I have noticed that the unsafe intrinsics stabilised in Rust 1.55.0…
… both appear to be slower than the same functionality implemented with bit-shifts and bitwise AND
and OR
operators. Why might that be?
Consider the following snippet which uses _bittestandset64
to count all the zero bits of an i64
while simultaneously setting all bits to 1
:
for bit in 0..i64::BITS {
unsafe {
if 0 == _bittestandset64(&mut x as *mut i64, bit as i64) {
n += 1;
}
}
}
The same could be achieved without the intrinsic:
for bit in 0..i64::BITS {
let b: i64 = 1i64 << (bit as i64);
if 0 == (b & x) {
x |= b;
n += 1;
}
}
My experimentation shows that not using the intrinsic is orders of magnitude faster.
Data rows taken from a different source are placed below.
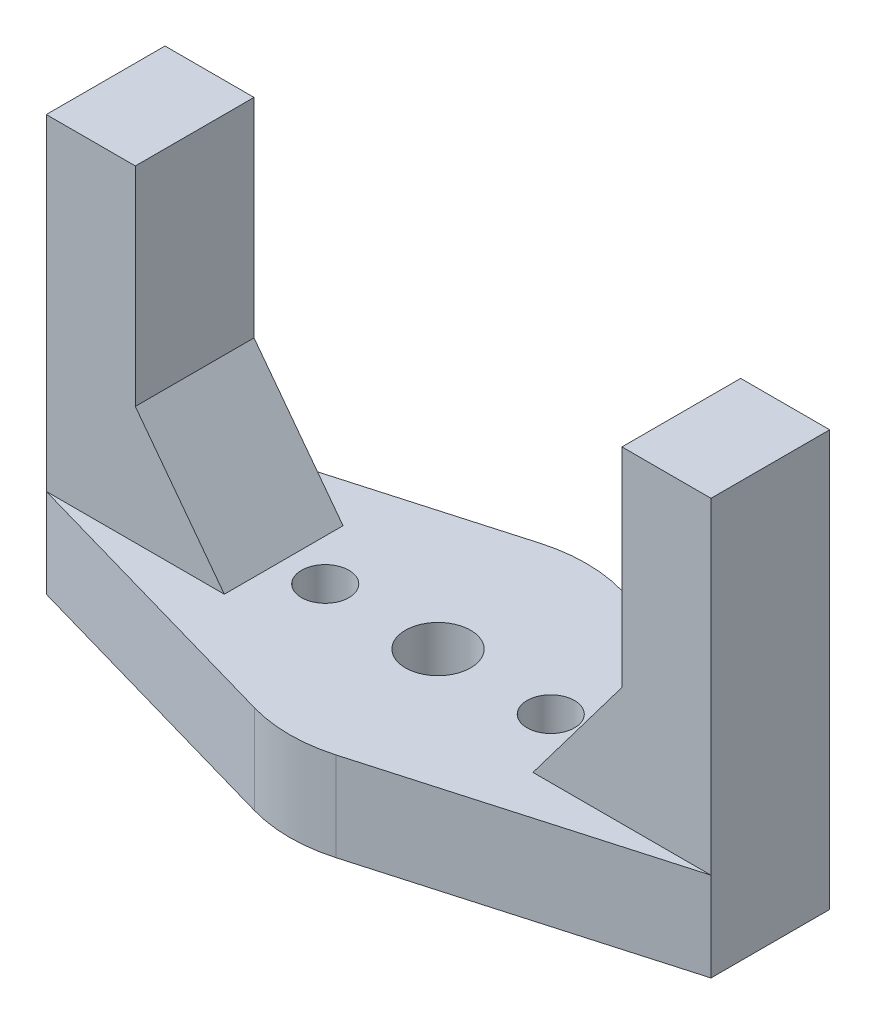
from build123d import *

# Parameters (mm, degrees)
SKETCH1_R               = 25
SKETCH1_R_2             = 1.8
SKETCH1_R_3             = 5.5
BOSS_EXTRUDE1_DEPTH     = 15
SKETCH2_R               = 4
CUT_EXTRUDE1_DEPTH      = 8
SKETCH3_W               = 82
SKETCH3_H               = 50
SKETCH3_R               = 24.5
BOSS_EXTRUDE2_DEPTH     = 15
SKETCH4_W               = 15
SKETCH4_H               = 20
BOSS_EXTRUDE3_DEPTH     = 70
CUT_EXTRUDE2_DEPTH      = 94.064493766
CUT_EXTRUDE2_DEPTH_BACK = 94.064493766
BOSS_EXTRUDE4_DEPTH     = 15
CHAMFER1_SIZE           = 15
CHAMFER1_SIZE2          = 19.905672324


with BuildPart() as part:
    # Sketch1 → Boss-Extrude1 (new body)
    with BuildSketch(Plane(origin=(0, 0, 0), x_dir=(1, 0, 0), z_dir=(0, 1, 0))):
        with Locations(Location((0, 0, 0), (0, 0, 270))):
            Circle(SKETCH1_R)
        with Locations(Location((-19, 0, 0), (0, 0, 270))):
            Circle(SKETCH1_R_2, mode=Mode.SUBTRACT)
        with Locations(Location((19, 0, 0), (0, 0, 90))):
            Circle(SKETCH1_R_2, mode=Mode.SUBTRACT)
        with Locations(Location((0, 0, 0), (0, 0, 270))):
            Circle(SKETCH1_R_3, mode=Mode.SUBTRACT)
    extrude(amount=BOSS_EXTRUDE1_DEPTH)

    # Sketch2 → Cut-Extrude1 (cut)
    with BuildSketch(Plane(origin=(0, 15, 0), x_dir=(1, 0, 0), z_dir=(0, 1, 0))):
        with Locations(Location((-19, 0, 0), (0, 0, 270))):
            Circle(SKETCH2_R)
        with Locations(Location((19, 0, 0), (0, 0, 270))):
            Circle(SKETCH2_R)
    extrude(amount=-CUT_EXTRUDE1_DEPTH, mode=Mode.SUBTRACT)

    # Sketch3 → Boss-Extrude2 (add)
    with BuildSketch(Plane.XZ):
        Rectangle(SKETCH3_W, SKETCH3_H)
        Circle(SKETCH3_R, mode=Mode.SUBTRACT)
    extrude(amount=-BOSS_EXTRUDE2_DEPTH)

    # Sketch4 → Boss-Extrude3 (add)
    with BuildSketch(Plane.XZ):
        with Locations((-48.5, 0)):
            Rectangle(SKETCH4_W, SKETCH4_H)
        with Locations((48.5, 0)):
            Rectangle(SKETCH4_W, SKETCH4_H)
    extrude(amount=-BOSS_EXTRUDE3_DEPTH)

    # Sketch5 → Cut-Extrude2 (cut, two sides: drawn at the far end of the back side and taken through both)
    with BuildSketch(Plane.XZ.offset(-CUT_EXTRUDE2_DEPTH_BACK)):
        Polygon((-41, -25), (-41, -14.285834105), (-56, -10), (-56, -25), align=None)
        with BuildLine():
            ThreePointArc((-2.6e-08, -25), (-3.467621731, -24.758344039), (-6.86820572, -24.03804797))
            Line((-6.86820572, -24.03804797), (-41, -14.285834105))
            Line((-41, -14.285834105), (-41, -25))
            Line((-41, -25), (-2.6e-08, -25))
        make_face()
        Polygon((-56, 25), (-56, 10), (-41, 14.285834105), (-41, 25), align=None)
        with BuildLine():
            Line((-41, 25), (-41, 14.285834105))
            Line((-41, 14.285834105), (-6.86820572, 24.03804797))
            ThreePointArc((-6.86820572, 24.03804797), (-3.467621732, 24.758344038), (-2.8e-08, 25))
            Line((-2.8e-08, 25), (-41, 25))
        make_face()
        with BuildLine():
            Line((41, 25), (-2.8e-08, 25))
            ThreePointArc((-2.8e-08, 25), (3.467621704, 24.758344042), (6.86820572, 24.03804797))
            Line((6.86820572, 24.03804797), (41, 14.285834105))
            Line((41, 14.285834105), (41, 25))
        make_face()
        with BuildLine():
            ThreePointArc((6.86820572, -24.03804797), (3.467621705, -24.758344042), (-2.6e-08, -25))
            Line((-2.6e-08, -25), (41, -25))
            Line((41, -25), (41, -14.285834105))
            Line((41, -14.285834105), (6.86820572, -24.03804797))
        make_face()
        Polygon((41, -14.285834105), (41, -25), (56, -25), (56, -10), align=None)
        Polygon((56, 25), (41, 25), (41, 14.285834105), (56, 10), align=None)
    extrude(amount=CUT_EXTRUDE2_DEPTH + CUT_EXTRUDE2_DEPTH_BACK, mode=Mode.SUBTRACT)

    # Sketch6 → Boss-Extrude4 (add)
    with BuildSketch(Plane.XZ):
        Polygon((-56, 10), (-41, 14.285834105), (-41, -14.285834105), (-56, -10), align=None)
        Polygon((41, 14.285834105), (56, 10), (56, -10), (41, -14.285834105), align=None)
    extrude(amount=-BOSS_EXTRUDE4_DEPTH)

    # Chamfer1
    chamfer1_edges = [part.edges().sort_by_distance(p)[0] for p in [
        (-41, 15, 0),
        (41, 15, 0),
    ]]
    chamfer1_side = [part.faces().sort_by_distance(p)[0] for p in [
        (0, 15, 23.773460151),
    ]]
    chamfer(chamfer1_edges, length=CHAMFER1_SIZE, length2=CHAMFER1_SIZE2, reference=chamfer1_side[0])


solid = part.part

It also does not require unsafe
.
I used criterion
(0.4.0) to benchmark the code and here is my benchmark implementation:
use core::arch::x86_64::{ _bittestandset64 };
#[inline(never)]
fn set_and_count_intrinsic(mut x: i64) -> (i64, u32) {
let mut n: u32 = 0;
for bit in 0..i64::BITS {
unsafe {
if 0 == _bittestandset64(&mut x as *mut i64, bit as i64) {
n += 1;
}
}
}
(x, n)
}
#[inline(never)]
fn set_and_count_operators(mut x: i64) -> (i64, u32) {
let mut n: u32 = 0;
for bit in 0..i64::BITS {
let b: i64 = 1i64 << (bit as i64);
if 0 == (b & x) {
x |= b;
n += 1;
}
}
(x, n)
}
fn bittestandset64(criterion: &mut criterion::Criterion) {
const PRIME: i64 = 7823;
let mut group = criterion.benchmark_group("bittestandset64");
group.bench_with_input("_bittestandset64", &PRIME, |bench, x| bench.iter(|| {
let r = set_and_count_intrinsic(*x);
criterion::black_box(r);
}));
group.bench_with_input("operators", &PRIME, |bench, x| bench.iter(|| {
let r = set_and_count_operators(*x);
criterion::black_box(r);
}));
group.finish();
}
criterion::black_box(…)
prevents the tool-chain from optimising away eitherx
orn
.criterion::black_box(…)
is within thefor …
loop to ensure that it cannot be calculated asconst
at compile-time.- The benchmark for the 32-bit version is identical, with only the obvious alterations.
The results speak for themselves, showing bit-twiddling with operators to be at least twice as fast as the intrinsics:
implementation | t lower | time | t upper |
---|---|---|---|
core::arch::…::_bittestandset |
53.080 ns | 53.171 ns | 53.305 ns |
bit-twiddling on i32 |
15.074 ns | 15.172 ns | 15.305 ns |
core::arch::…::_bittestandset64 |
114.99 ns | 115.13 ns | 115.37 ns |
bit-twiddling on i64 |
57.607 ns | 57.652 ns | 57.709 ns |
My test platform / environment:
rustc
version 1.64.0 (stable)- Windows 10
x64
- tested natively and under a WSL 2 environment
- Intel Core i7 processor (64-bit)
Why would there be this discrepancy and, if it is, indeed, expected, then why do the intrinsics exist at all – certainly, why are they exposed and stable in the library?